En fin… reparar en cada logro llevaría un
tiempo infinito. Lo que quiero destacar es que el máximo referente de nuestro
sector, Néstor Kirchner y nuestra conductora Cristina Fernández han puesto en marcha un Proyecto Nacional y
Popular de Liberación con inclusión social; redistribución de ingresos; estatización
de las empresas estratégicas y utilización de los recursos naturales en
beneficio de la Nación y del Pueblo. Y eso es Democracia: igualdad de
oportunidades para cada uno de los argentinos que habitan este suelo y
fortalecimiento de los países latinoamericanos frente al poder económico de las
corporaciones y su monopolio de comunicación oligárquico e imperialista.

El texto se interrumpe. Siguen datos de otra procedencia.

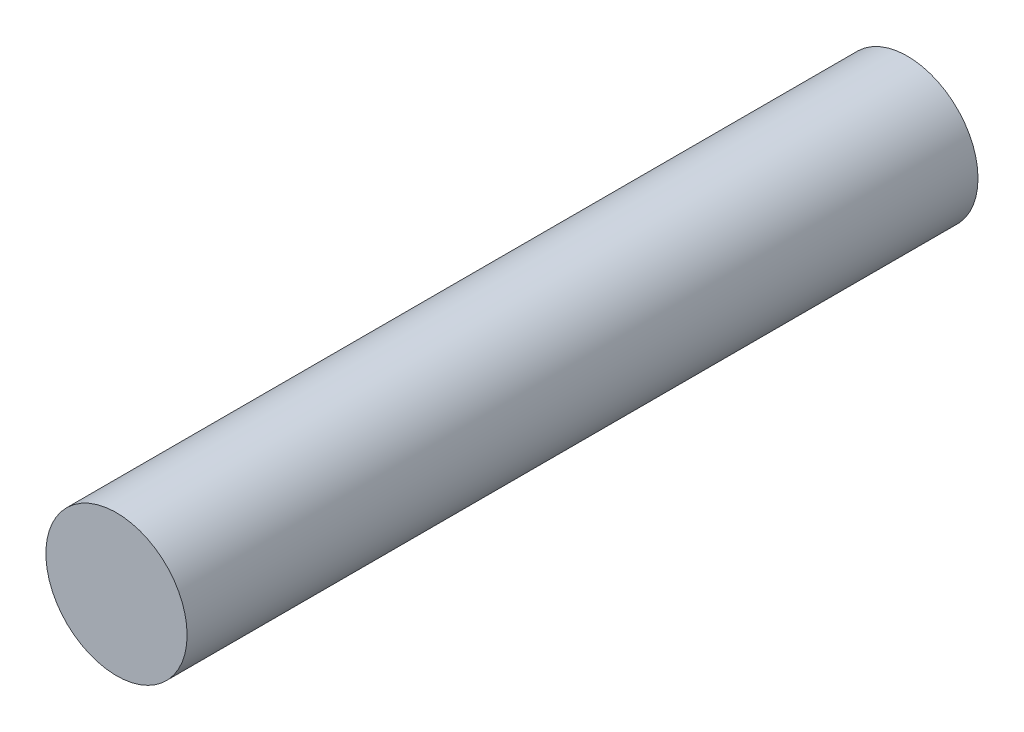
from build123d import *

# Parameters (mm, degrees)
SKETCH_1_R           = 2.5
DOUBLE_EAR_PIN_DEPTH = 28


with BuildPart() as part:
    # 草图1 → Double_ear_pin (new body)
    with BuildSketch(Plane.XY):
        Circle(SKETCH_1_R)
    extrude(amount=DOUBLE_EAR_PIN_DEPTH)


solid = part.part

Desde esta trinchera que ocupo por voto y
mandato popular y por el profundo amor que siento por mi Patria, reafirmo mi
apoyo incondicional al Proyecto Nacional y Popular de Liberación que lleva
adelante este gobierno. Porque nuestro deber como militantes es acompañar a la
Presidenta para lograr la profundización de este modelo; un modelo que tiene en
los valores democráticos su razón de ser. Así nos lo pidió Néstor y así será.